Meeks has co-sponsored pro-Israel legislation, including a bill that would further enhance Israel-U.S. defense cooperation, and told a Jewish Democratic group that defense assistance to Israel was sacrosanct. He also said that under U.S. law, Israel is not allowed to use American defense assistance on West Bank spending.

Rep. Rosa DeLauro, a Connecticut Democrat close to the party establishment, defeated Marcy Kaptur of Ohio and will replace New York’s Lowey as chairwoman of the powerful Appropriations Committee. Lowey is retiring this year and, like Engel, has long been close to the pro-Israel community. Both Engel and Lowey are Jewish.

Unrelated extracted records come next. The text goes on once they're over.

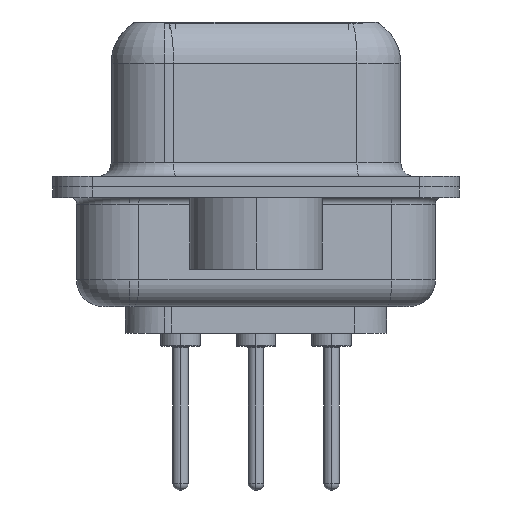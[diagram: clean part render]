
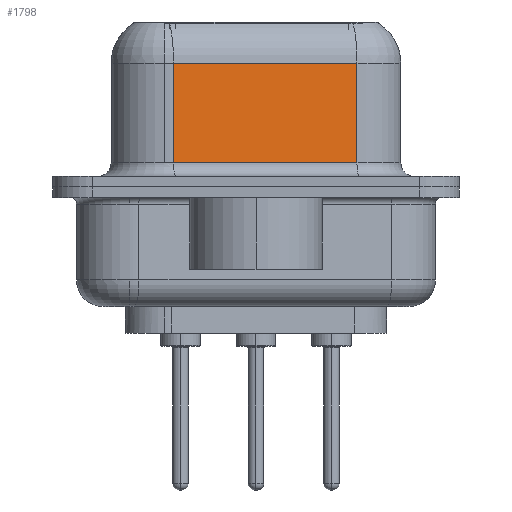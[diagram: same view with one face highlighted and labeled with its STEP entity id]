
A CAD part, left-side view. The second image highlights one B-rep face of the part: STEP entity #1798.
In plain terms, the highlighted planar face has unit normal (-0.985, -0.174, 0).
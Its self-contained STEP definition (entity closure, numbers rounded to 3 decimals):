
#771 = CARTESIAN_POINT ( 'NONE',  ( 5.647, -3.797, 6.4 ) ) ;
#1798 = ADVANCED_FACE ( 'NONE', ( #23377 ), #8143, .F. ) ;
#2069 = EDGE_CURVE ( 'NONE', #32699, #24675, #9956, .T. ) ;
#2192 = ORIENTED_EDGE ( 'NONE', *, *, #9918, .T. ) ;
#2300 = VERTEX_POINT ( 'NONE', #23686 ) ;
#3362 = ORIENTED_EDGE ( 'NONE', *, *, #13788, .T. ) ;
#6475 = VECTOR ( 'NONE', #12899, 1000. ) ;
#6482 = EDGE_LOOP ( 'NONE', ( #21410, #2192, #30355, #3362 ) ) ;
#8079 = LINE ( 'NONE', #18306, #30504 ) ;
#8143 = PLANE ( 'NONE',  #16431 ) ;
#9397 = VERTEX_POINT ( 'NONE', #10647 ) ;
#9918 = EDGE_CURVE ( 'NONE', #32699, #2300, #8079, .T. ) ;
#9956 = LINE ( 'NONE', #22368, #31914 ) ;
#10647 = CARTESIAN_POINT ( 'NONE',  ( 4.43, 3.103, 0.9 ) ) ;
#12899 = DIRECTION ( 'NONE',  ( 0.174, -0.985, 0. ) ) ;
#13322 = DIRECTION ( 'NONE',  ( 0.985, 0.174, 0. ) ) ;
#13749 = LINE ( 'NONE', #21474, #30456 ) ;
#13788 = EDGE_CURVE ( 'NONE', #9397, #24675, #24870, .T. ) ;
#14677 = DIRECTION ( 'NONE',  ( 0., 0., -1. ) ) ;
#16431 = AXIS2_PLACEMENT_3D ( 'NONE', #771, #13322, #28875 ) ;
#18306 = CARTESIAN_POINT ( 'NONE',  ( 5.647, -3.797, 4.65 ) ) ;
#21410 = ORIENTED_EDGE ( 'NONE', *, *, #2069, .F. ) ;
#21474 = CARTESIAN_POINT ( 'NONE',  ( 4.43, 3.103, 6.4 ) ) ;
#22260 = EDGE_CURVE ( 'NONE', #2300, #9397, #13749, .T. ) ;
#22368 = CARTESIAN_POINT ( 'NONE',  ( 5.647, -3.797, 6.4 ) ) ;
#23377 = FACE_OUTER_BOUND ( 'NONE', #6482, .T. ) ;
#23686 = CARTESIAN_POINT ( 'NONE',  ( 4.43, 3.103, 4.65 ) ) ;
#24675 = VERTEX_POINT ( 'NONE', #26135 ) ;
#24870 = LINE ( 'NONE', #30457, #6475 ) ;
#25843 = DIRECTION ( 'NONE',  ( -0.174, 0.985, 0. ) ) ;
#26135 = CARTESIAN_POINT ( 'NONE',  ( 5.647, -3.797, 0.9 ) ) ;
#28875 = DIRECTION ( 'NONE',  ( -0.174, 0.985, 0. ) ) ;
#30355 = ORIENTED_EDGE ( 'NONE', *, *, #22260, .T. ) ;
#30456 = VECTOR ( 'NONE', #31622, 1000. ) ;
#30457 = CARTESIAN_POINT ( 'NONE',  ( 5.647, -3.797, 0.9 ) ) ;
#30504 = VECTOR ( 'NONE', #25843, 1000. ) ;
#31622 = DIRECTION ( 'NONE',  ( 0., 0., -1. ) ) ;
#31914 = VECTOR ( 'NONE', #14677, 1000. ) ;
#32672 = CARTESIAN_POINT ( 'NONE',  ( 5.647, -3.797, 4.65 ) ) ;
#32699 = VERTEX_POINT ( 'NONE', #32672 ) ;

DeLauro is married to Stanley Greenberg, a prominent Democratic pollster who has advised Israel’s Labor Party.

In Republican caucus elections, Kay Granger and Mike McCaul, both of Texas, kept their positions as ranking members of the Appropriations and Foreign Affairs committees, respectively.

British soccer’s Premier League endorses international Holocaust group’s definition of anti-Semitism

By Cnaan Liphshiz

(JTA) — The Premier League, a consortium comprising the United Kingdom’s top 20 soccer clubs, has endorsed the definition of anti-Semitism established by the International Holocaust Remembrance Alliance, or IHRA.

In a statement Thursday, the league said it “adopted” the definition to “enable us to be more effective in dealing with any antisemitic behaviour targeting our clubs or personnel.”

The highest ethics body in the world of British soccer is the Football Association, which has not adopted the definition. The Premier League, which is not part of the Football Association, has no disciplinary committee.

The IHRA working definition describes various forms of anti-Semitism, including hatred and discrimination against Jews and Holocaust denial. It also includes examples of anti-Israel language it defines as anti-Semitic, including comparing the country’s policies to those of Nazi Germany.

The British government adopted the IHRA definition in 2018. Since its adoption in 2016 by the International Holocaust Remembrance Alliance, a body made up of more than 30 countries, the definition has been adopted also by 18 members of the European Union and the United States.